Is there an equivilent to the French Aires system in Spain.

Any websites in English or guidebooks?

Any information welcome


Trevor


----------



## bognormike (May 10, 2005)

Trevor

I've moved you to Spain touring forum, and if you have a look through the posts there you should find a few details. 

I don't think there's much in the way of guides?


----------



## Bryandh (Oct 6, 2010)

Check here, we recently bought the Aires in Spain Guide...not used it yet but will do this year

http://www.all-the-aires.com/index.htm

Good luck


----------



## gaspode (May 9, 2005)

There are 22 Spanish aires listed in the MHF campsite database:

http://www.motorhomefacts.com/modules.php?name=Campsites&file=map

Select the "Aire de service" dropdown in the "campsite type" menu and zoom to Spain on the map.


----------



## McGeemobile (Jun 10, 2010)

Hi Trevor,
The Spanish aire system is absolutely tiny in comparison with the French ones, but they are nearly all free and we have come across some absolutely superb ones.

Even if you are only there for a few weeks you could save the cost of buying the Aires Guide to Spain and Portugal (again easiest from Vicarious Books).

There's also the Spanish equivalent to France Passion called Espana Discovery, and although again this is only absolutely tiny in comparison with France we have found some gems here e.g. a brilliant wine co-operative in a small village a few miles inland from the coast.
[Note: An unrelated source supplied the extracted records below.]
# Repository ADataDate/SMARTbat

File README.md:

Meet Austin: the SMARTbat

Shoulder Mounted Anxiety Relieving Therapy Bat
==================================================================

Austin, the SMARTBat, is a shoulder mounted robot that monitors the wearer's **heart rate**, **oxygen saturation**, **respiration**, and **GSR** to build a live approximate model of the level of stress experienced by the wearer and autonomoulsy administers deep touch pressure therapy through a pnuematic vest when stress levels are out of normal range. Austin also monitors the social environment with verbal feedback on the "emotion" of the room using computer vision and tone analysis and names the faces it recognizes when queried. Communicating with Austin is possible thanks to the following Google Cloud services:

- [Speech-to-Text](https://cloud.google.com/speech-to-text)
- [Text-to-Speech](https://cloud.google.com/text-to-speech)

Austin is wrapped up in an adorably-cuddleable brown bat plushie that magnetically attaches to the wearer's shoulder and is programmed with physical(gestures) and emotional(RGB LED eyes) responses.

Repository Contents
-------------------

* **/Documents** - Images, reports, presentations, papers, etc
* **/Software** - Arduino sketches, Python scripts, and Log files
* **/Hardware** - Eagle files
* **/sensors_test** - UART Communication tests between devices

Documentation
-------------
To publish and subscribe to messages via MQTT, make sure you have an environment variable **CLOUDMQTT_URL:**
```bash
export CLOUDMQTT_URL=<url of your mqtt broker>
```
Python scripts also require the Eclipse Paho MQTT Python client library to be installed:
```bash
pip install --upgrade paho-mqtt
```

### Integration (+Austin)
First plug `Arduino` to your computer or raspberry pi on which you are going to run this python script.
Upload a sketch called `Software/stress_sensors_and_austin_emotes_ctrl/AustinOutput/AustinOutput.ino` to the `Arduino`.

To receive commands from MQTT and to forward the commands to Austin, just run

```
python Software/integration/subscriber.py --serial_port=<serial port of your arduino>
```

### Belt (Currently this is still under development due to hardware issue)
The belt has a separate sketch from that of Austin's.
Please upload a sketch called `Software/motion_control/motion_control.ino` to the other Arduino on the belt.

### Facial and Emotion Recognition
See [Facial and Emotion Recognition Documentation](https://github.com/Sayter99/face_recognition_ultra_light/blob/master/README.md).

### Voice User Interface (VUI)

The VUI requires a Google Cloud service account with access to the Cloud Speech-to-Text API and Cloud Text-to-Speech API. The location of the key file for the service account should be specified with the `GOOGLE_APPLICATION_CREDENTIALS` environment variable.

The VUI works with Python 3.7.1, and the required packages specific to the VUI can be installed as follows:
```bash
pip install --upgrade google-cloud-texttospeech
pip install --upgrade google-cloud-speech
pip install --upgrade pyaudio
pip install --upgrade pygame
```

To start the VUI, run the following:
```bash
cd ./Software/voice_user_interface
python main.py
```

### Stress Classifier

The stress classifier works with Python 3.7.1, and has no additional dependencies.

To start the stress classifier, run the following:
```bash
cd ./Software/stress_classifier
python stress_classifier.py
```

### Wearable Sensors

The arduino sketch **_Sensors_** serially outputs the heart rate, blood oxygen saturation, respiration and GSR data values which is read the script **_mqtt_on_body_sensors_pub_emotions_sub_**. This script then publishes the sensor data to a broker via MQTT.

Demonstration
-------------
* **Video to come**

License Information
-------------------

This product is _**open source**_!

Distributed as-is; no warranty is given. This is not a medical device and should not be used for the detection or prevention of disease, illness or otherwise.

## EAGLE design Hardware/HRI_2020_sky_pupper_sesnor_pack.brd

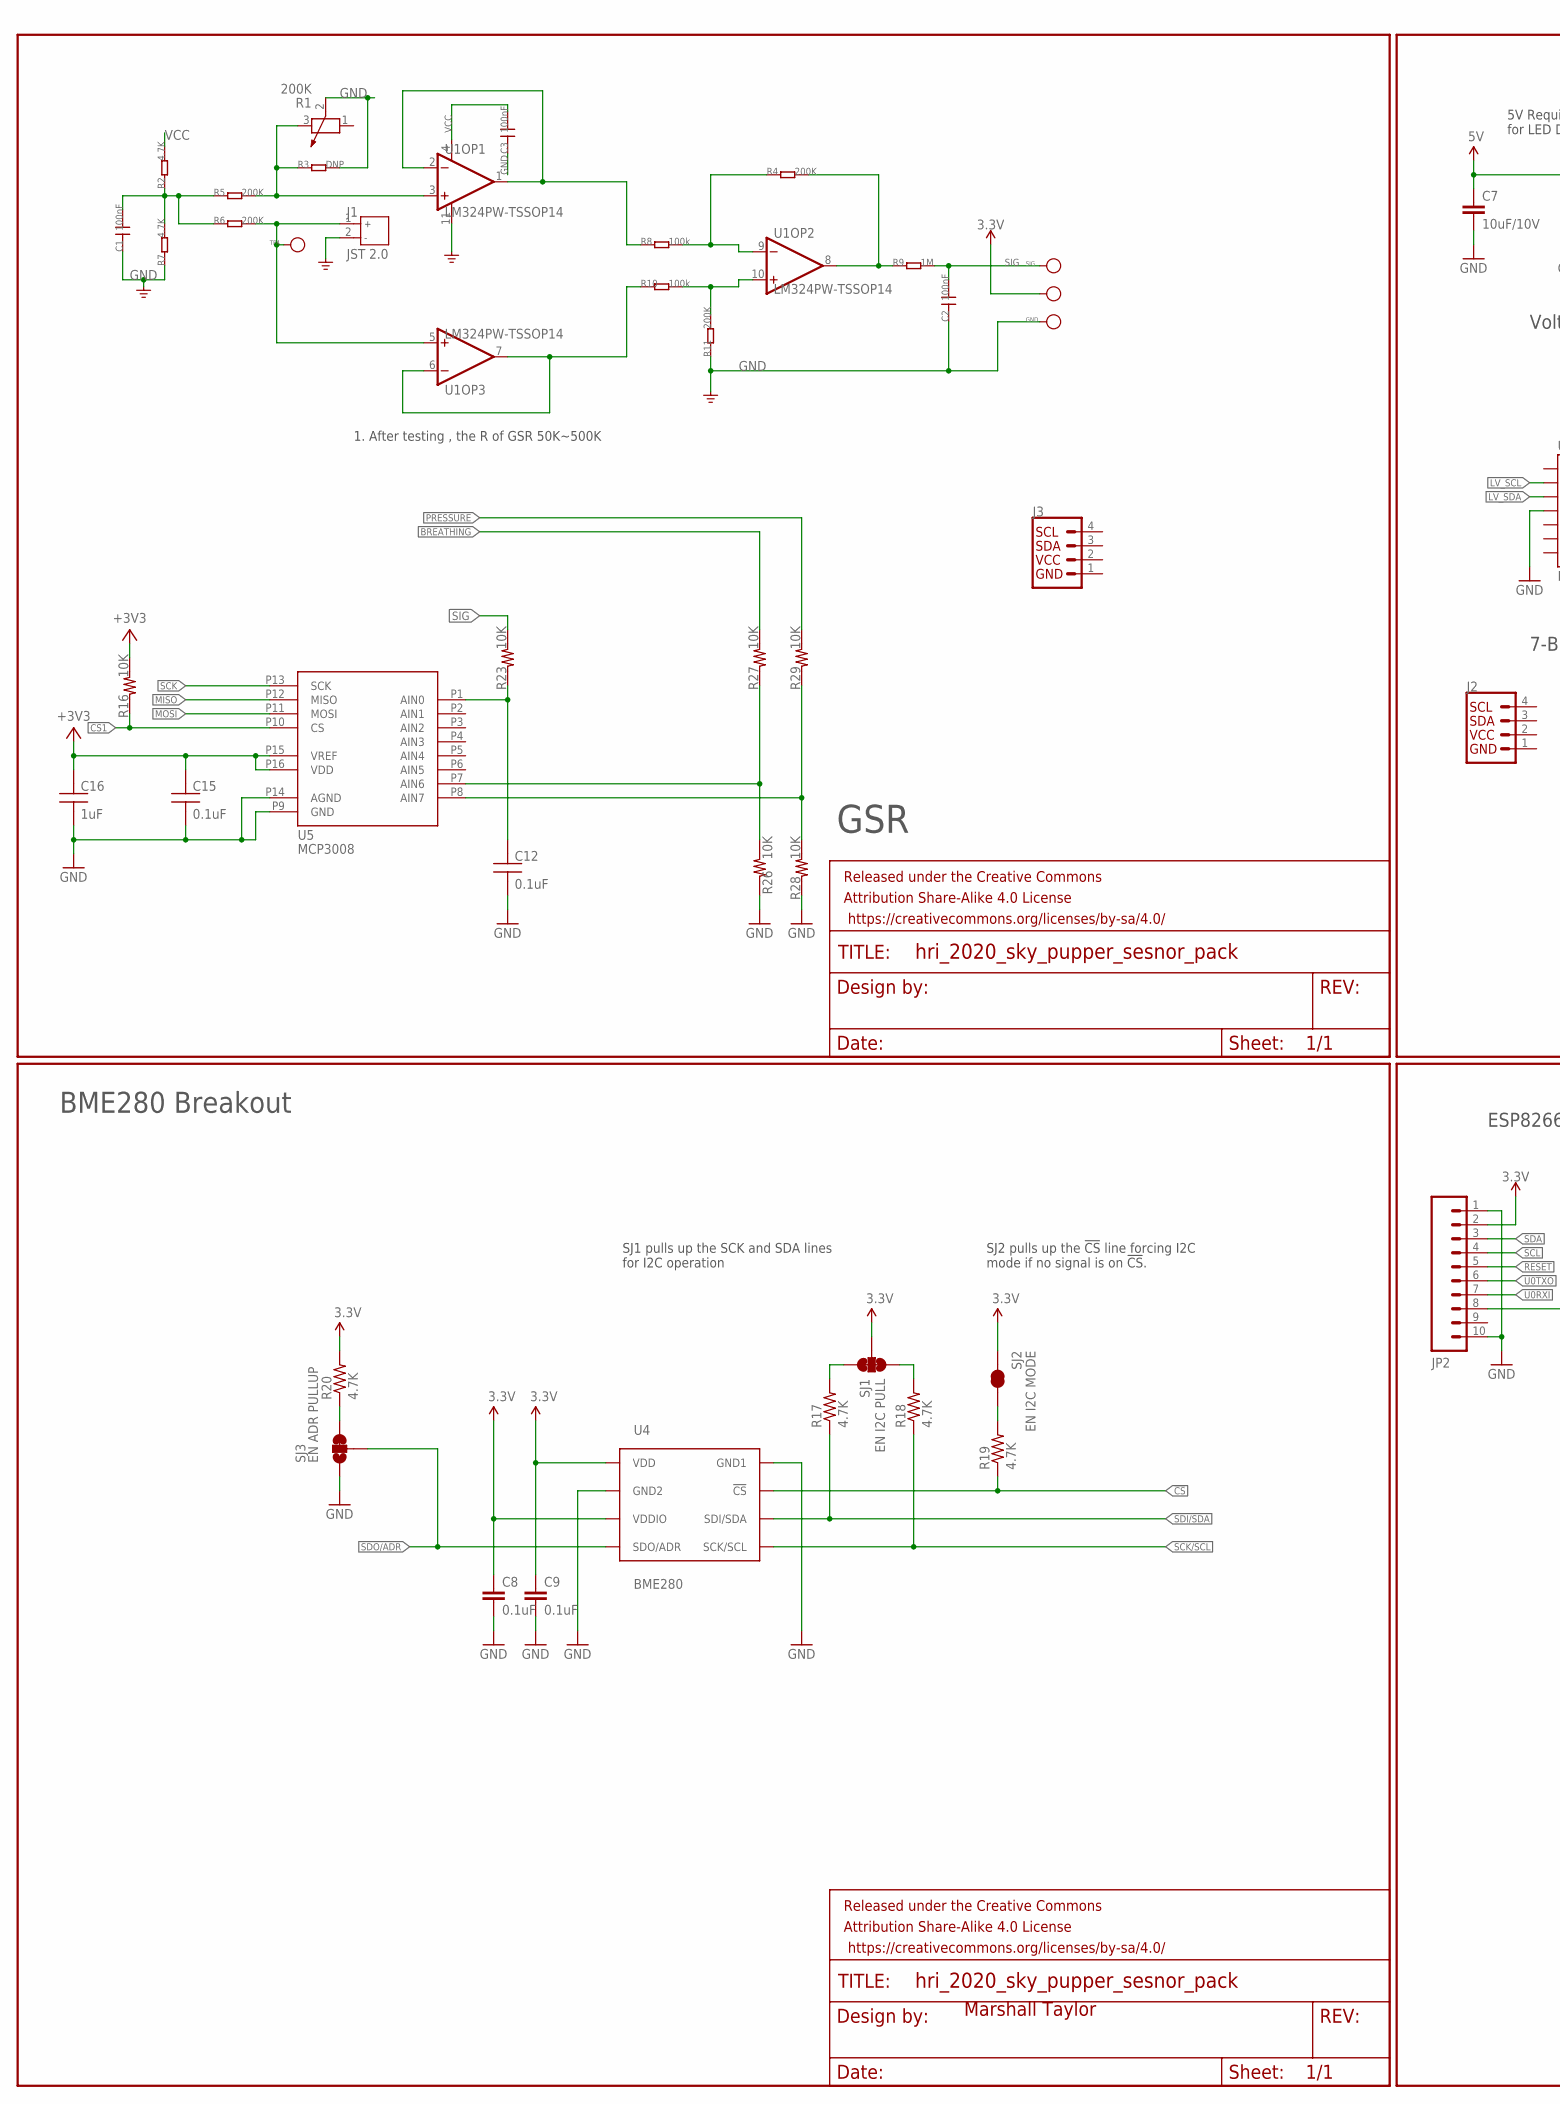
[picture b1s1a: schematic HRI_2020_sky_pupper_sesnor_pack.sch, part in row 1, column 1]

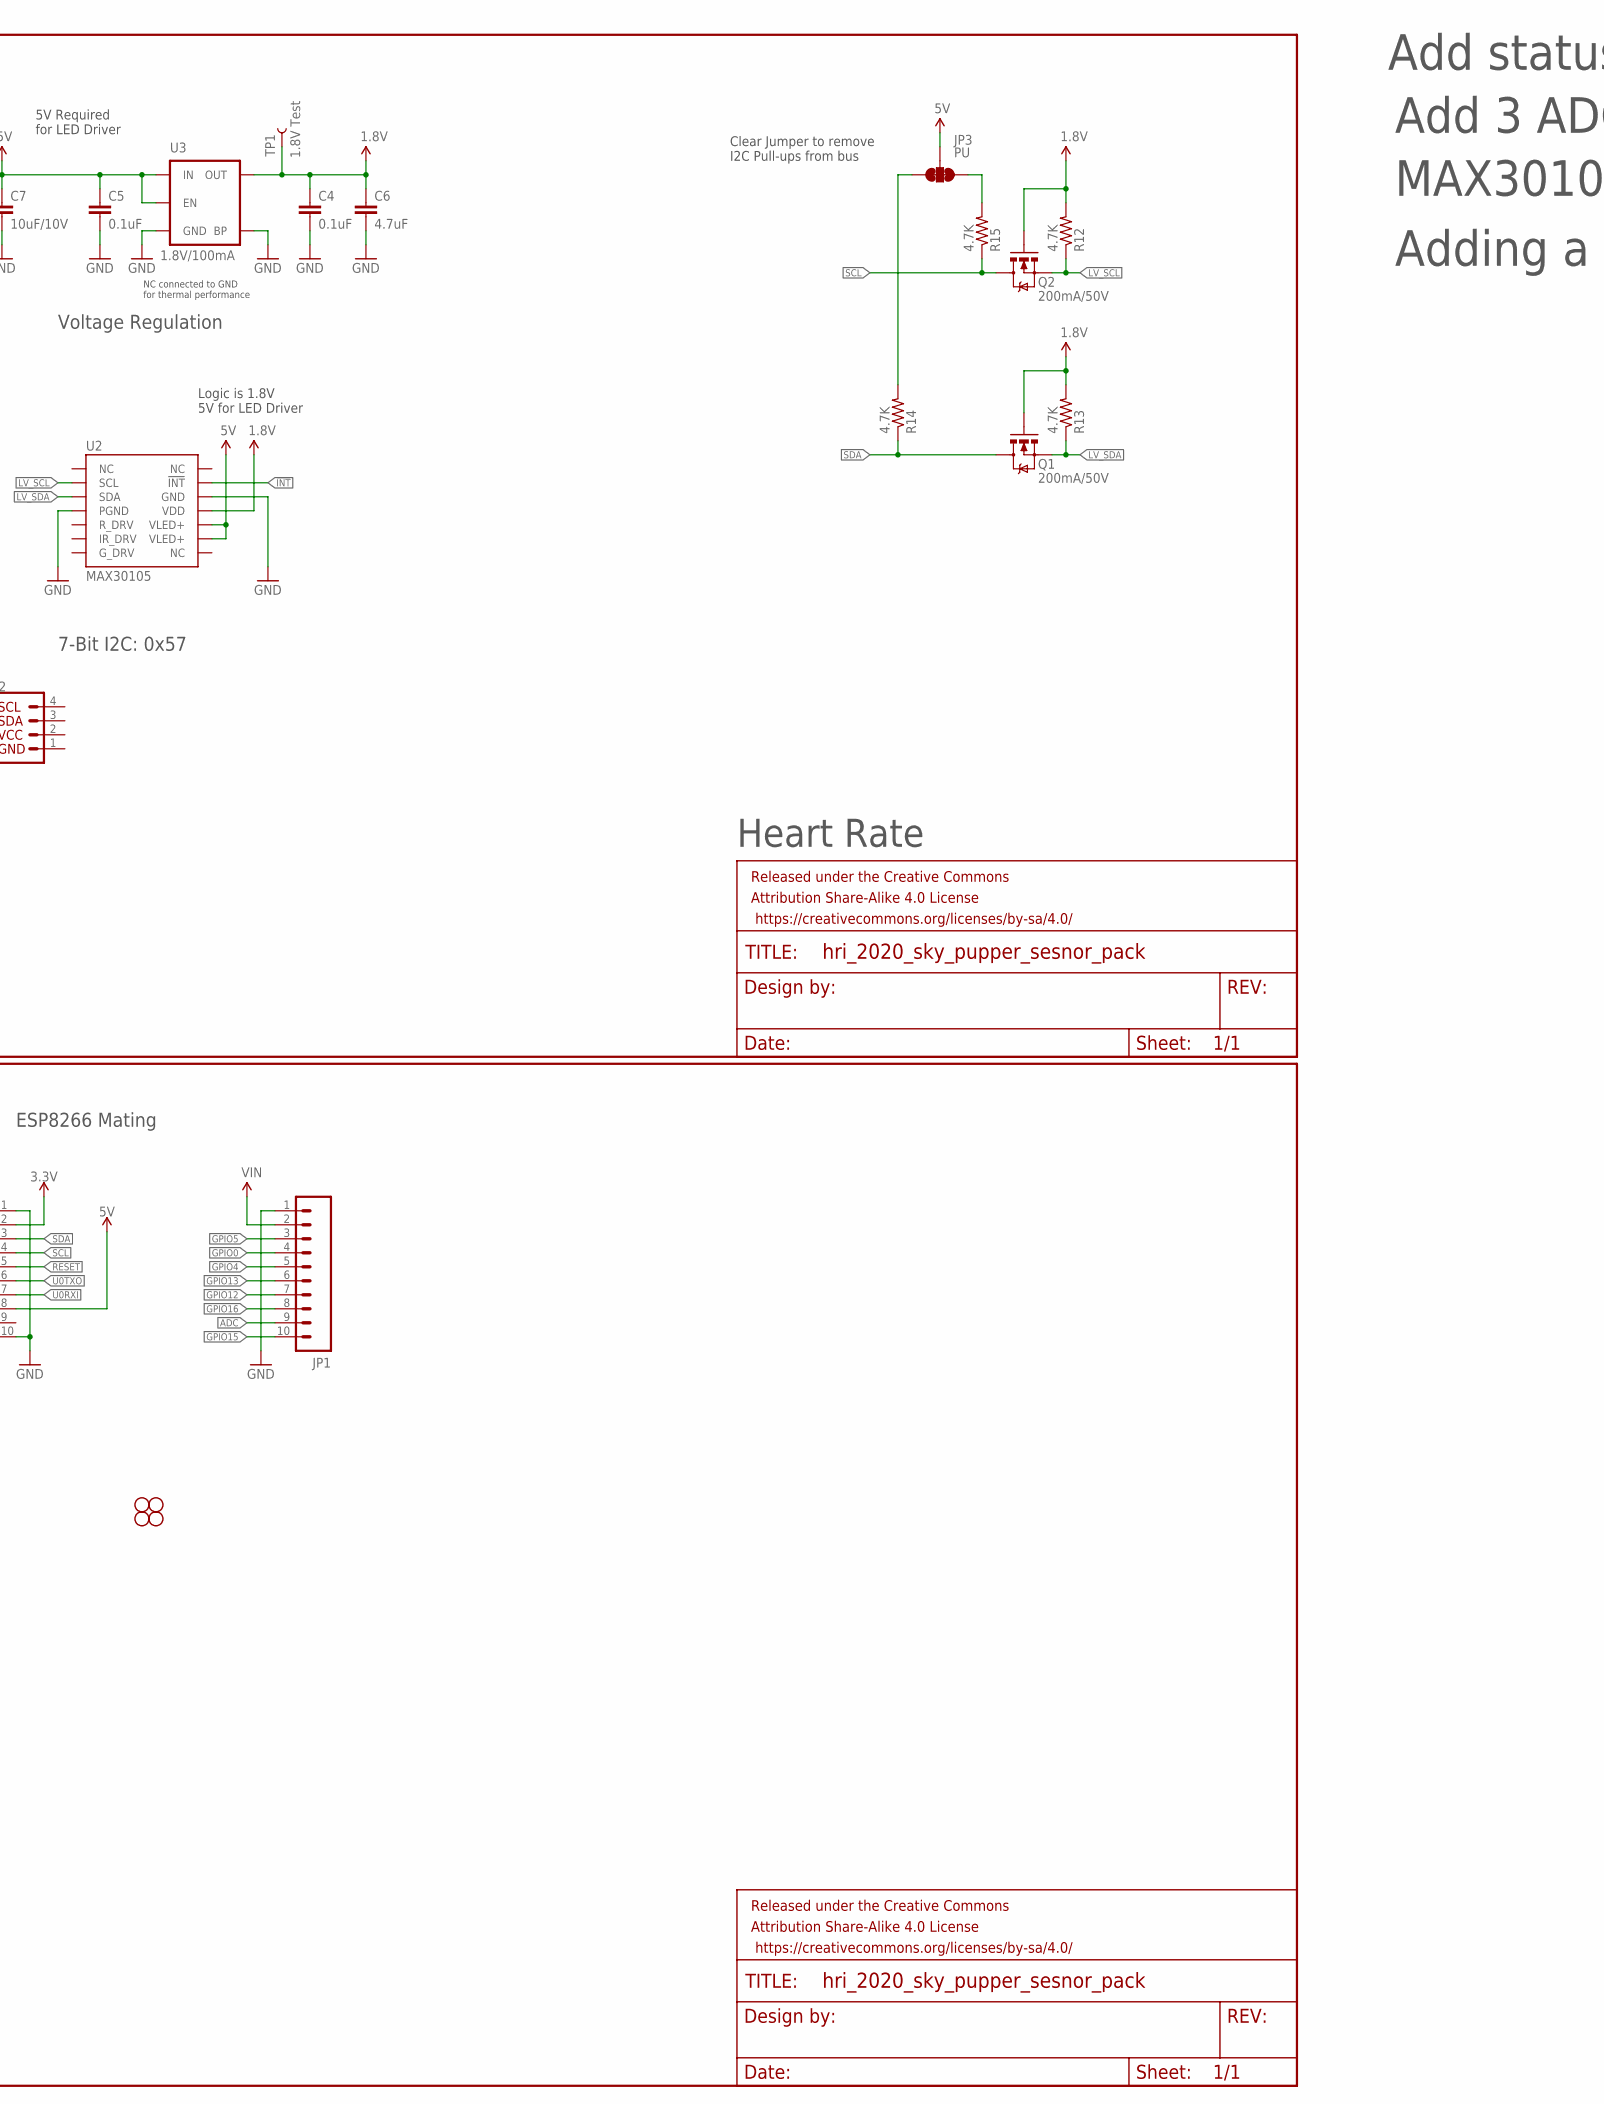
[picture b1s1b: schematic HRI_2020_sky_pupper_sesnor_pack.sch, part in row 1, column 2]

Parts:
C1, C2, C3: 100nF; 0603
C4, C5: 0.1uF; 0603-CAP@1
C6: 4.7uF; 0603-CAP@1
C7: 10uF/10V; 0805-CAP
C8, C9: 0.1uF; 0603-CAP
C12, C15: 0.1uF; 0603_SILK; PARTNO GRM188R70J104KA01D
C16: 1uF; 0603_SILK; PARTNO GRM188R70J104KA01D
FRAME1, FRAME2, FRAME3, FRAME4: FRAME-LETTERNO_PACKAGE; DUMMY
GND: PAD-TEST-POINT'4545'; TP_4545
J1: JST 2.0; JST-2.0
J2, J3: QWIIC_CONNECTORJS-1MM; 1X04_1MM_RA
JP1, JP2: M10NO_SILK_PTH_FEMALE; 1X10_NO_SILK
JP3: PU; PAD-JUMPER-3-3OF3_NC_BY_TRACE_YES_SILK_FULL_BOX
Q1, Q2: 200mA/50V; SOT23-3
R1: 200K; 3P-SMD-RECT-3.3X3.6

This year there are a lot more sites included, and hopefully this will continue to improve.

As I said, it only takes 2 or 3 nights spent at one of these to recover your costs, and they are usually well away from the tourist areas.


----------



## tonka (Apr 24, 2006)

http://www.lapaca.org/areas/espana.php

I found this site some time ago... 
Many are probably already in the MHF database.


----------



## moby56 (Sep 16, 2010)

In Spain at moment using all the Aires Spain & Portugal from vicarious books not had any problems and found some wonderful places


----------



## rosalan (Aug 24, 2009)

I used the Vicarious Book for Spain last year. Excellent! Including one north of Cadiz with free electricity. Those in Pensicola on the coast, asked for a minimal payment; whereas some of the campsites are pricing themselves out of reach. We paid more than £40 a night for little more than parking space at some. So as has already been said, one nights parking pays for the book if you use an Aire.
Alan


----------



## christine1310 (Apr 10, 2008)

Hi

If you go to the French website Camping Car Infos. When you go to search using the map, if you scroll down on that page, there are links to aire details in other countries. I always find it very helpful.

Christine


----------